▶ Your goal: Working from the records below, repeat exactly the lines starting at the line that contains "Gain2/1 -> Digital" and ending at the line that contains "Unit Delay3/1 -> Gain1/1", inclusive.

▶ Raw data:

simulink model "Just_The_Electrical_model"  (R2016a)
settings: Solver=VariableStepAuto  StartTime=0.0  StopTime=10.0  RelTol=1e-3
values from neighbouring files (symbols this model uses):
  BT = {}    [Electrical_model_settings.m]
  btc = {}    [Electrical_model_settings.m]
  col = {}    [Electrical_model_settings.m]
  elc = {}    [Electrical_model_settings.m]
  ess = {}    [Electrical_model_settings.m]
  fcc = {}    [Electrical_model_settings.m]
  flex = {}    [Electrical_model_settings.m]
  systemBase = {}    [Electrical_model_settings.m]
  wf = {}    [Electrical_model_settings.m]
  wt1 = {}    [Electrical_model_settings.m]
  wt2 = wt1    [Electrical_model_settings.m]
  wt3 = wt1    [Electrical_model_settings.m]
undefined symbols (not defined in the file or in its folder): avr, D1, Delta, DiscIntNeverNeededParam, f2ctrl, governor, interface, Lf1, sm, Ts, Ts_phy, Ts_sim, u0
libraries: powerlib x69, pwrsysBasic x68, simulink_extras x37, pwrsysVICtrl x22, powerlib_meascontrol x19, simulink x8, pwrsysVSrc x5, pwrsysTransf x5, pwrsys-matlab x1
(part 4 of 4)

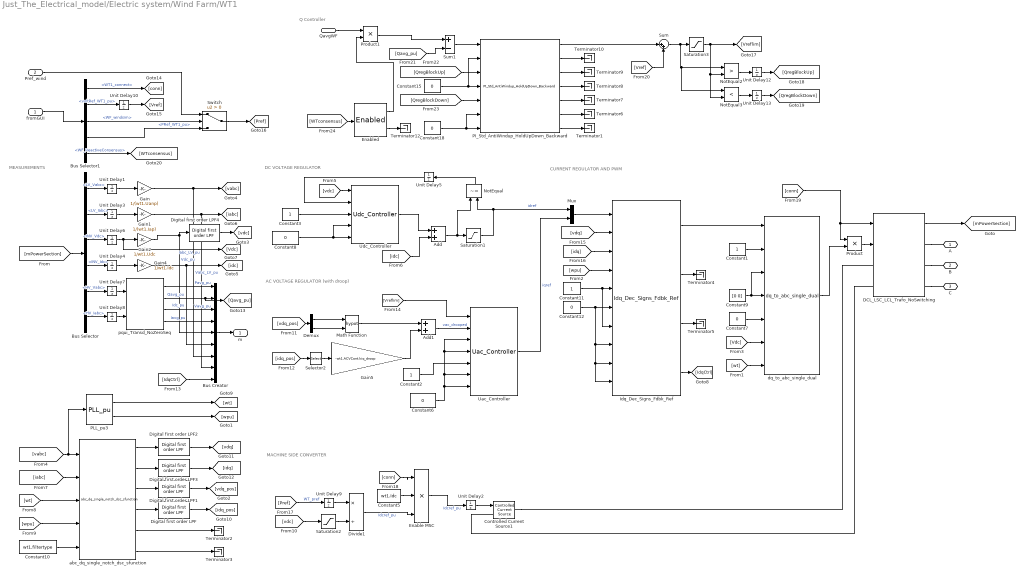
== system Just_The_Electrical_model/Electric system/Wind Farm/WT1 ==
  note: MEASUREMENTS
  note: MACHINE SIDE CONVERTER
  note: AC VOLTAGE REGULATOR (with droop)
  note: DC VOLTAGE REGULATOR
  note: CURRENT REGULATOR AND PWM
  note: Q Controller
  fromGUI : Inport
  Pref_wind : Inport  Port=2
  QavgWF : Inport  Port=3
  Add : Sum
  Add1 : Sum
  Bus Creator : BusCreator  Inputs=9
  Bus Selector : BusSelector  OutputSignals=LV_Vabc,LV_Iabc,INV_Vdc,INV_Idc,HV_Vabc,HV_Iabc
  Bus Selector1 : BusSelector  OutputSignals=WT1_connect,voltRef_WT1_pu,WF_windsim,PRef_WT1_pu,WF_ReactiveConsensus
  Constant1 : Constant  SampleTime=wt1.Ts_control
  Constant10 : Constant  Value=wt1.filtertype  SampleTime=wt1.Ts_control
  Constant11 : Constant  SampleTime=wt2.Ts_control
  Constant12 : Constant  Value=0  SampleTime=wt2.Ts_control
  Constant15 : Constant  Value=0
  Constant18 : Constant  Value=0
  Constant2 : Constant  SampleTime=wt2.Ts_control
  Constant3 : Constant  SampleTime=wt2.Ts_control
  Constant5 : Constant  Value=wt1.Idc  SampleTime=wt1.Ts_control
  Constant6 : Constant  Value=0  SampleTime=wt1.Ts_control
  Constant7 : Constant  Value=0  SampleTime=wt1.Ts_control
  Constant8 : Constant  Value=0  SampleTime=wt1.Ts_control
  Constant9 : Constant  Value=[0 0]  SampleTime=wt1.Ts_control
  Controlled Current Source1 : powerlib/Electrical Sources/Controlled Current Source  Initialize=on  Source_Type=DC  Amplitude=0  Phase=0  Frequency=50  Measurements=None
  DCL_LSC_LCL_Trafo_NoSwitching : pwrsysVSrc/DCL_LSC_LCL_Trafo_NoSwitching  Sn=wt1.Sn  fn=systemBase.fn  Uhv_ab=col.Un  Uab=wt1.Un  lf2=wt1.LCL.l2  rf2=wt1.LCL.r2  Lf1=wt1.LCL.L1  Rf1=wt1.LCL.R1  Cf=wt1.LCL.Cf  Rc=wt1.LCL.Rf  Cdc=wt1.Cdc  Udc0=wt1.Udc  Tsm=wt1.Ts_control  Tstart=wt1.DCVCont.Start
  Demux : Demux  Outputs=2
  Digital first order LPF{,1..4} (5 alike) : pwrsysBasic/Digital first order LPF  Ts=wt1.Ts_control  fcutout=wt1.CurrCont.f_LPF_noise
  Divide1 : Product  Inputs=*/
  Enable MSC : Product  Inputs=3
  Enabled : pwrsysBasic/Enabled
  Gain : Gain  Gain=1/(wt1.Uanp)
  Gain1 : Gain  Gain=1/(wt1.Iap)
  Gain2 : Gain  Gain=1/wt1.Udc
  Gain4 : Gain  Gain=1/wt1.Idc
  Gain5 : Gain  Gain=-wt1.ACVCont.kiq_droop
  Idq_Dec_Signs_Fdbk_Ref : pwrsysVICtrl/Idq_Dec_Signs_Fdbk_Ref  Ts=wt1.Ts_control  fn=systemBase.fn  Kp=wt1.CurrContSingle.kp  Ti=wt1.CurrContSingle.Ti  L=wt1.CurrCont.x  PI_max=wt1.CurrCont.PImax  PI_min=wt1.CurrCont.PImin  TrafoPhaseComp=0
  Math Function : Math  Operator=hypot  SaturateOnIntegerOverflow=on
  Mux : Mux  Inputs=2
  NotEqual : RelationalOperator  Operator=~=  OutDataTypeStr=boolean
  NotEqual2 : RelationalOperator  Operator=>  OutDataTypeStr=boolean
  NotEqual3 : RelationalOperator  Operator=<  OutDataTypeStr=boolean
  PI_Std_AntiWindup_HoldUpDown_Backward : pwrsysBasic/PI_Std_AntiWindup_HoldUpDown_Backward  Ts=wt1.Ts_control  Kg=wt1.Qctrl.Kg  Kp=wt1.Qctrl.Kp  Ti=wt1.Qctrl.Ti  outMax=wt1.Qctrl.deltaUmaxPos  outMin=wt1.Qctrl.deltaUmaxNeg
  PLL_pu3 : pwrsysBasic/PLL_pu  fn=systemBase.fn  Ts=wt1.Ts_control  Kp_pll=90  Ki_pll=1200  Kd_pll=0  PLL_ini=60
  Product : Product
  Product1 : Product
  Saturation1 : Saturate  UpperLimit=wt1.DCVCont.PImax  LowerLimit=wt1.DCVCont.PImin
  Saturation2 : Saturate  UpperLimit=1.2  LowerLimit=0.8
  Saturation3 : Saturate  UpperLimit=wt1.Qctrl.Umax  LowerLimit=wt1.Qctrl.Umin
  Selector2 : Selector  IndexMode=Zero-based  InputPortWidth=2  IndexOptions=Index vector (dialog)  Indices=1  OutputSizes=1
  Sum : Sum  Inputs=|++
  Sum1 : Sum  Inputs=+-
  Switch : Switch  Criteria=u2 > Threshold
  Terminator{1..10,12} (11 alike) : Terminator
  Uac_Controller : pwrsysVICtrl/Uac_Controller  Ts=wt1.Ts_control  Kg=wt1.ACVCont.kg  Kp=wt1.ACVCont.kp  Ti=wt1.ACVCont.Ti  PI_max=wt1.ACVCont.PImax  PI_min=wt1.ACVCont.PImin
  Udc_Controller : pwrsysVICtrl/Udc_Controller  Ts=wt1.Ts_control  Kp=wt1.DCVContSingle.kp  Ti=wt1.DCVContSingle.Ti  PI_max=wt1.DCVCont.PImax  PI_min=wt1.DCVCont.PImin
  Unit Delay{1,3,7..8} (4 alike) : UnitDelay  InitialCondition=[0 0 0]  SampleTime=wt1.Ts_control
  Unit Delay10 : UnitDelay  InitialCondition=1  SampleTime=wt1.Ts_control
  Unit Delay{2,4..5,9,12..13} (6 alike) : UnitDelay  SampleTime=wt1.Ts_control
  Unit Delay6 : UnitDelay  InitialCondition=1  SampleTime=wt1.Ts_control
  abc_dq_single_notch_dsc_sfunction : pwrsysTransf/abc_dq_single_notch_dsc_sfunction  Ts=wt1.Ts_control  fn=2*systemBase.fn  zeta=wt1.CurrCont.zeta
  dq_to_abc_single_dual : pwrsysVICtrl/dq_to_abc_single_dual  Ts=wt1.Ts_control  Uabp=wt1.Uabp
  pqui_Transd_NoZeroSeq : pwrsysBasic/pqui_Transd_NoZeroSeq  Sn=wt1.Sn  Uanp=col.Uanp  Iap=wt1.Iap*(wt1.Un/col.Un)
  A : PMIOPort  Port=1  Side=Right
  B : PMIOPort  Port=2  Side=Right
  C : PMIOPort  Port=3  Side=Right
  m : Outport
  wires:
  Divide1/1 -> Enable MSC/3  "Idcref_pu"
  Bus Selector/1 -> Unit Delay1/1  "<LV_Vabc>"
  [idq_pos] -> Selector2/1
  Unit Delay2/1 -> Controlled Current Source1/1
  Gain1/1 -> Bus Creator/8, [iabc]  "Iabc_LV_pu"
  Bus Selector/2 -> Unit Delay3/1  "<LV_Iabc>"
  Gain5/1 -> Add1/2
  Math Function/1 -> Add1/1
  Constant6/1 -> Uac_Controller/7, Uac_Controller/6, Uac_Controller/3, Uac_Controller/4
  Constant5/1 -> Enable MSC/2
  Add1/1 -> Uac_Controller/2  "vac_drooped"
  [mPowerSection] -> Bus Selector/1
  Enable MSC/1 -> Unit Delay2/1  "Idcref_pu"
  Gain/1 -> Bus Creator/7, [vabc]  "Vabc_LV_pu"
  Constant2/1 -> Uac_Controller/5
  Constant8/1 -> Udc_Controller/4, Udc_Controller/5
  NotEqual/1 -> Unit Delay5/1
  [vdc] -> Udc_Controller/1
  Unit Delay5/1 -> Udc_Controller/2
  Saturation1/1 -> NotEqual/2, Mux/1  "idref"
  [idc] -> Add/2
  Udc_Controller/1 -> Add/1
  Add/1 -> NotEqual/1, Saturation1/1
  Constant3/1 -> Udc_Controller/3
  [idq] -> Idq_Dec_Signs_Fdbk_Ref/3
  [Vdc] -> dq_to_abc_single_dual/6
  [wpu] -> Idq_Dec_Signs_Fdbk_Ref/4
  dq_to_abc_single_dual/1 -> Product/2
  [conn] -> Product/1, DCL_LSC_LCL_Trafo_NoSwitching/1
  Saturation2/1 -> Divide1/2
  [Pref] -> Unit Delay9/1  "WT_pref"
  [vdc] -> Saturation2/1
  [wt] -> dq_to_abc_single_dual/7
  Constant10/1 -> abc_dq_single_notch_dsc_sfunction/5
  Bus Selector/5 -> Unit Delay7/1  "<HV_Vabc>"
  Bus Selector/6 -> Unit Delay8/1  "<HV_Iabc>"
  pqui_Transd_NoZeroSeq/1 -> Bus Creator/1  "Pavg_pu"
  pqui_Transd_NoZeroSeq/2 -> [Qavg_pu], Bus Creator/2  "Qavg_pu"
  pqui_Transd_NoZeroSeq/3 -> Bus Creator/3  "Vavg_pu"
  pqui_Transd_NoZeroSeq/4 -> Bus Creator/4  "Iavg_pu"
  Bus Creator/1 -> m/1
  Bus Selector/3 -> Unit Delay6/1  "<INV_Vdc>"
  Gain2/1 -> Digital first order LPF4/1, Bus Creator/5  "Vdc_pu"
  Gain4/1 -> [idc], Bus Creator/6  "Idc_pu"
  Bus Selector/4 -> Unit Delay4/1  "<INV_Idc>"
  PLL_pu3/2 -> [wpu]
  PLL_pu3/1 -> [wt]
  Uac_Controller/1 -> Mux/2  "iqref"
  DCL_LSC_LCL_Trafo_NoSwitching/1 -> [mPowerSection]
  Unit Delay1/1 -> Gain/1
  Unit Delay3/1 -> Gain1/1
  Unit Delay4/1 -> Gain4/1
  Unit Delay8/1 -> pqui_Transd_NoZeroSeq/2
  Unit Delay6/1 -> [Vdc], Gain2/1
  Unit Delay7/1 -> pqui_Transd_NoZeroSeq/1
  Unit Delay9/1 -> Divide1/1
  [Vreflim] -> Uac_Controller/1
  abc_dq_single_notch_dsc_sfunction/6 -> Terminator3/1
  abc_dq_single_notch_dsc_sfunction/5 -> Terminator2/1
  Selector2/1 -> Gain5/1
  Idq_Dec_Signs_Fdbk_Ref/2 -> Terminator4/1
  [vdq] -> Idq_Dec_Signs_Fdbk_Ref/2
  Constant1/1 -> dq_to_abc_single_dual/2
  Constant7/1 -> dq_to_abc_single_dual/5
  Constant9/1 -> dq_to_abc_single_dual/4, dq_to_abc_single_dual/3
  Constant11/1 -> Idq_Dec_Signs_Fdbk_Ref/7, Idq_Dec_Signs_Fdbk_Ref/5
  Constant12/1 -> Idq_Dec_Signs_Fdbk_Ref/8, Idq_Dec_Signs_Fdbk_Ref/9, Idq_Dec_Signs_Fdbk_Ref/10, Idq_Dec_Signs_Fdbk_Ref/6
  Idq_Dec_Signs_Fdbk_Ref/3 -> Terminator5/1
  Idq_Dec_Signs_Fdbk_Ref/4 -> [IdqCtrl]
  [IdqCtrl] -> Bus Creator/9
  Idq_Dec_Signs_Fdbk_Ref/1 -> dq_to_abc_single_dual/1
  [wt] -> abc_dq_single_notch_dsc_sfunction/3
  [wpu] -> abc_dq_single_notch_dsc_sfunction/4
  abc_dq_single_notch_dsc_sfunction/1 -> Digital first order LPF2/1
  [vabc] -> abc_dq_single_notch_dsc_sfunction/1, PLL_pu3/1
  [iabc] -> abc_dq_single_notch_dsc_sfunction/2
  abc_dq_single_notch_dsc_sfunction/3 -> Digital first order LPF1/1
  abc_dq_single_notch_dsc_sfunction/4 -> Digital first order LPF/1
  abc_dq_single_notch_dsc_sfunction/2 -> Digital first order LPF3/1
  Digital first order LPF/1 -> [idq_pos]
  Digital first order LPF1/1 -> [vdq_pos]
  [vdq_pos] -> Demux/1
  Demux/1 -> Math Function/1
  Demux/2 -> Math Function/2
  Digital first order LPF2/1 -> [vdq]
  Digital first order LPF3/1 -> [idq]
  Digital first order LPF4/1 -> [vdc]
  fromGUI/1 -> Bus Selector1/1
  Bus Selector1/4 -> Switch/3  "<PRef_WT1_pu>"
  Bus Selector1/1 -> [conn]  "<WT1_connect>"
  Bus Selector1/2 -> Unit Delay10/1  "<voltRef_WT1_pu>"
  [conn] -> Enable MSC/1
  Pref_wind/1 -> Switch/1
  Bus Selector1/3 -> Switch/2  "<WF_windsim>"
  Switch/1 -> [Pref]
  Mux/1 -> Idq_Dec_Signs_Fdbk_Ref/1
  Product/1 -> DCL_LSC_LCL_Trafo_NoSwitching/2
  Unit Delay10/1 -> [Vref]
  [Vref] -> Sum/2
  Sum/1 -> NotEqual3/1, NotEqual2/1, Saturation3/1
  Saturation3/1 -> NotEqual3/2, NotEqual2/2, [Vreflim]
  [Qavg_pu] -> Sum1/2
  [WTconsensus] -> Enabled/1
  [QregBlockUp] -> PI_Std_AntiWindup_HoldUpDown_Backward/3
  Constant15/1 -> PI_Std_AntiWindup_HoldUpDown_Backward/2, PI_Std_AntiWindup_HoldUpDown_Backward/4
  [QregBlockDown] -> PI_Std_AntiWindup_HoldUpDown_Backward/5
  Constant18/1 -> PI_Std_AntiWindup_HoldUpDown_Backward/6, PI_Std_AntiWindup_HoldUpDown_Backward/7
  PI_Std_AntiWindup_HoldUpDown_Backward/7 -> Terminator1/1
  PI_Std_AntiWindup_HoldUpDown_Backward/6 -> Terminator6/1
  PI_Std_AntiWindup_HoldUpDown_Backward/5 -> Terminator7/1
  PI_Std_AntiWindup_HoldUpDown_Backward/4 -> Terminator8/1
  PI_Std_AntiWindup_HoldUpDown_Backward/3 -> Terminator9/1
  PI_Std_AntiWindup_HoldUpDown_Backward/2 -> Terminator10/1
  NotEqual2/1 -> Unit Delay12/1
  Unit Delay12/1 -> [QregBlockUp]
  NotEqual3/1 -> Unit Delay13/1
  Unit Delay13/1 -> [QregBlockDown]
  PI_Std_AntiWindup_HoldUpDown_Backward/1 -> Sum/1
  Bus Selector1/5 -> [WTconsensus]  "<WF_ReactiveConsensus>"
  Sum1/1 -> PI_Std_AntiWindup_HoldUpDown_Backward/1
  Enabled/2 -> Terminator12/1
  QavgWF/1 -> Product1/1
  Product1/1 -> Sum1/1
  Enabled/1 -> Product1/2
  connections:
  Controlled Current Source1/RConn1 -- DCL_LSC_LCL_Trafo_NoSwitching/LConn1
  DCL_LSC_LCL_Trafo_NoSwitching/RConn3 -- C/RConn1
  DCL_LSC_LCL_Trafo_NoSwitching/RConn1 -- A/RConn1
  DCL_LSC_LCL_Trafo_NoSwitching/RConn2 -- B/RConn1
  Controlled Current Source1/LConn1 -- DCL_LSC_LCL_Trafo_NoSwitching/LConn2

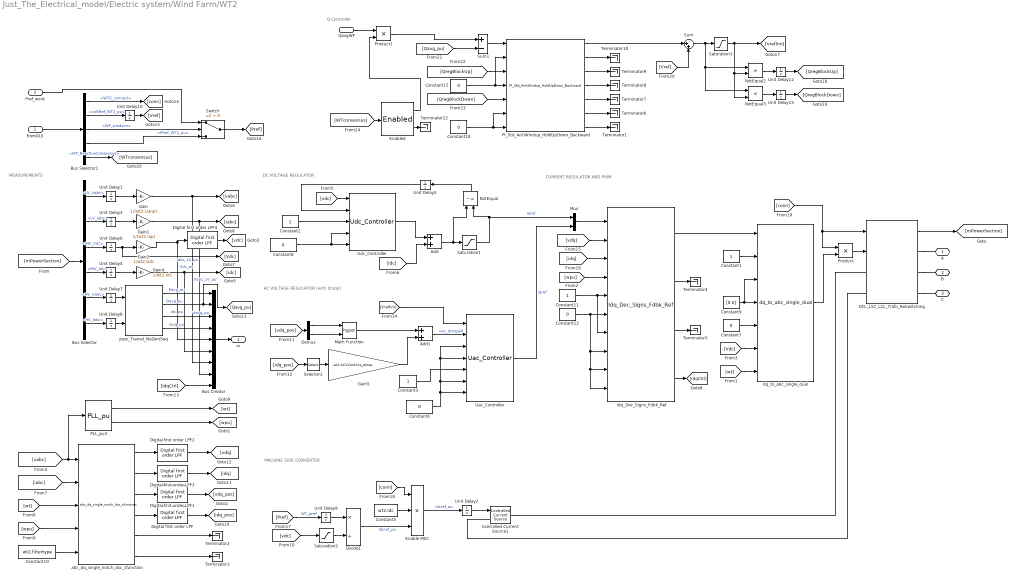
== system Just_The_Electrical_model/Electric system/Wind Farm/WT2 ==
  note: MEASUREMENTS
  note: MACHINE SIDE CONVERTER
  note: AC VOLTAGE REGULATOR (with droop)
  note: DC VOLTAGE REGULATOR
  note: CURRENT REGULATOR AND PWM
  note: Q Controller
  fromGUI : Inport
  Pref_wind : Inport  Port=2
  QavgWF : Inport  Port=3
  Add : Sum
  Add1 : Sum
  Bus Creator : BusCreator  Inputs=9
  Bus Selector : BusSelector  OutputSignals=LV_Vabc,LV_Iabc,INV_Vdc,INV_Idc,HV_Vabc,HV_Iabc
  Bus Selector1 : BusSelector  OutputSignals=WT2_connect,voltRef_WT2_pu,WF_windsim,PRef_WT2_pu,WF_ReactiveConsensus
  Constant{1..3,11} (4 alike) : Constant  SampleTime=wt2.Ts_control
  Constant10 : Constant  Value=wt2.filtertype  SampleTime=wt2.Ts_control
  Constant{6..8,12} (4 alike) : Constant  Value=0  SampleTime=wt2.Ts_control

▶ Result of this exercise:
  Gain2/1 -> Digital first order LPF4/1, Bus Creator/5  "Vdc_pu"
  Gain4/1 -> [idc], Bus Creator/6  "Idc_pu"
  Bus Selector/4 -> Unit Delay4/1  "<INV_Idc>"
  PLL_pu3/2 -> [wpu]
  PLL_pu3/1 -> [wt]
  Uac_Controller/1 -> Mux/2  "iqref"
  DCL_LSC_LCL_Trafo_NoSwitching/1 -> [mPowerSection]
  Unit Delay1/1 -> Gain/1
  Unit Delay3/1 -> Gain1/1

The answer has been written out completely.